February 11, 2010

Texas Rancher An Unlikely Environmentalist part 2 of 2 - I Want To Give This Man A GREAT BIG HUG! I LOVE This Man! What A Great Role Model For All...

NPR
written by Wade Goodwyn
Tuesday February 2, 2010

Changing The Landscape

He cleared much of the juniper ash. He bought barrels of grass seed — throwing $5 handfuls of it into the wind from the back of his tractor. He carved plateaus into his hillsides to hold the rainfall, letting it filter down into the aquifer below. He planted hundred of trees.

It took decades of careful work by both Bamberger and nature, but now 3,000 people a year visit the ranch to see the results.

Chad Norris, aquatic biologist for the Texas Parks and Wildlife Department, says the changes wrought by Bamberger are felt almost all the way to Austin. "What he does here affects the quality of the water running off the land, and in that respect, it affects everyone downstream."

Some of those who come to learn are new landowners who've made their fortune in Austin's high-tech industry. The locals call them "Dellionaires" because the first wave worked at nearby Dell Inc. These owners buy property not to make money off of it, but for recreation; and Bamberger's message of habitat restoration resonates strong.

Mark Zuzanek is a software engineer who is attending his fourth workshop here. He's already taken the Ranch tour, the Trees and Shrubs Workshop, the Native Grasses Workshop, and now he's back for the Water Workshop.

"I come here to learn, in a very short period of time, what it has taken these people 40-plus years to learn," Zuzanek says.

The traditional ranchers have been far more skeptical. Bamberger sounds too much like an environmentalist to them. But two years of serious drought have started to change that.

Jacque Couser has more than 1,000 acres outside New Braunfels, Texas, and reaction to a drought has put her best grazing land in jeopardy.

"We had to keep the cattle in one area, and now it's severely overgrazed. You can kill the land just like you can kill anything else," Couser says.

Oryx, Bats And Friends

If some Texas millionaires buy hill country property to build 20,000-square-foot homes, private runways and swimming pools that would make a Roman emperor blush, Bamberger is role-modeling a different way to show off.

He's organized dozens of other landowners to plant a beautiful but highly endangered tree called the Texas snowbell. He's turned a square mile of his property into habitat for the highly endangered scimitar-horned oryx, which has disappeared from the African Sahara.

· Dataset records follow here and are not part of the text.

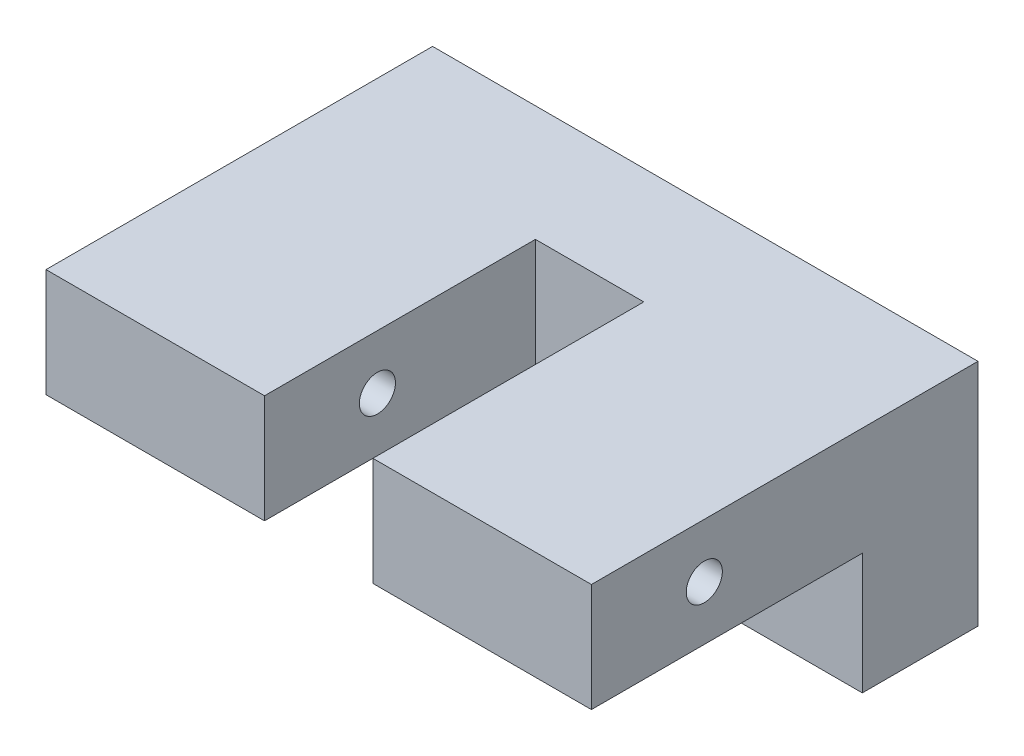
SolidWorks part; units mm, degrees
ref_plane "Front Plane" through (0, 0, 0) normal (0, 0, 1) x (1, 0, 0)
ref_plane "Top Plane" through (0, 0, 0) normal (0, 1, 0) x (1, 0, 0)
ref_plane "Right Plane" through (0, 0, 0) normal (1, 0, 0) x (0, 0, -1)
sketch "Sketch1" plane through (0, 0, 0) normal (0, 0, 1) x (1, 0, 0)
  line L1 (0, 0) -> (120.8, 0)
  line L2 (0, 0) -> (0, 50.8)
  line L3 (0, 50.8) -> (120.8, 50.8)
  line L4 (120.8, 0) -> (120.8, 50.8)
  dimension "D1" = 120.8
  dimension "D2" = 50.8
extrude "Boss-Extrude1" add sketch "Sketch1" along normal blind 85.62
sketch "Sketch2" plane through (0, 0, 85.62) normal (0, 0, 1) x (1, 0, 0)
  line L0 (120.8, 50.8) -> (0, 50.8) construction
  line L1 (48.4, 50.8) -> (72.4, 50.8)
  line L2 (48.4, 50.8) -> (48.4, 0)
  line L3 (48.4, 0) -> (72.4, 0)
  line L4 (72.4, 50.8) -> (72.4, 0)
  line L5 (0, 0) -> (120.8, 0) construction
  line L6 (0, 50.8) -> (48.4, 50.8) construction
  line L7 (72.4, 50.8) -> (120.8, 50.8) construction
  dimension "D1" = 24
extrude "Cut-Extrude1" cut sketch "Sketch2" against normal blind 60
sketch "Sketch3" plane through (120.8, 0, 0) normal (1, 0, 0) x (0, 1, 0)
  line L1 (50.8, 85.62) -> (38.8, 85.62) construction
  line L2 (50.8, 85.62) -> (50.8, 60.62) construction
  line L3 (50.8, 60.62) -> (38.8, 60.62) construction
  line L4 (38.8, 85.62) -> (38.8, 60.62) construction
  circle A0 centre (38.8, 60.62) radius 4
  dimension "D1" = 8
  dimension "D2" = 12
  dimension "D3" = 25
extrude "Cut-Extrude2" cut sketch "Sketch3" against normal through all
sketch "Sketch4" plane through (120.8, 0, 0) normal (1, 0, 0) x (0, 1, 0)
  line L0 (50.8, 85.62) -> (50.8, 0) construction
  line L1 (0, 85.62) -> (26.8, 85.62)
  line L2 (0, 85.62) -> (0, 25.62)
  line L3 (0, 25.62) -> (26.8, 25.62)
  line L4 (26.8, 85.62) -> (26.8, 25.62)
  dimension "D1" = 24
  dimension "D2" = 60
extrude "Cut-Extrude3" cut sketch "Sketch4" against normal through all

Turns out Texas hill country is the perfect habitat for a small herd of oryx, and there are so few left that Bamberger trades breeding-aged males with zoos around the world to enhance the world population's genetic diversity.

Then there is what was considered Bamberger's folly. In 1998, he decided to carve out a three-dome cave into one of his hillsides and line the ceiling with gunite. The ranch staff rolled their eyes when he told them he wanted enough room for a million Mexican free-tailed bats. For years, no bats came. But slowly, they began to find Bamberger's cave, and now as many as 400,000 bats make their summer home there. The cave is called a "Chiroptorium" — a term his wife and son came up with that combines Chiroptera, the scientific order bats are in, and auditorium.

If you think it's all good and well for a wealthy scion to restore his little piece of Texas hill country paradise but that it's beyond the means of the average landowner, Bamberger and the Texas Parks and Wildlife Department want you to stop making excuses.

"You don't need a bulldozer. You need a chainsaw, wheelbarrow, axes, hand tools, and a lot of friends coming out from time to time, and a little time," Bamberger says. "You can buy used equipment — don't waste your money on new — and you can accomplish on your property what I've done here."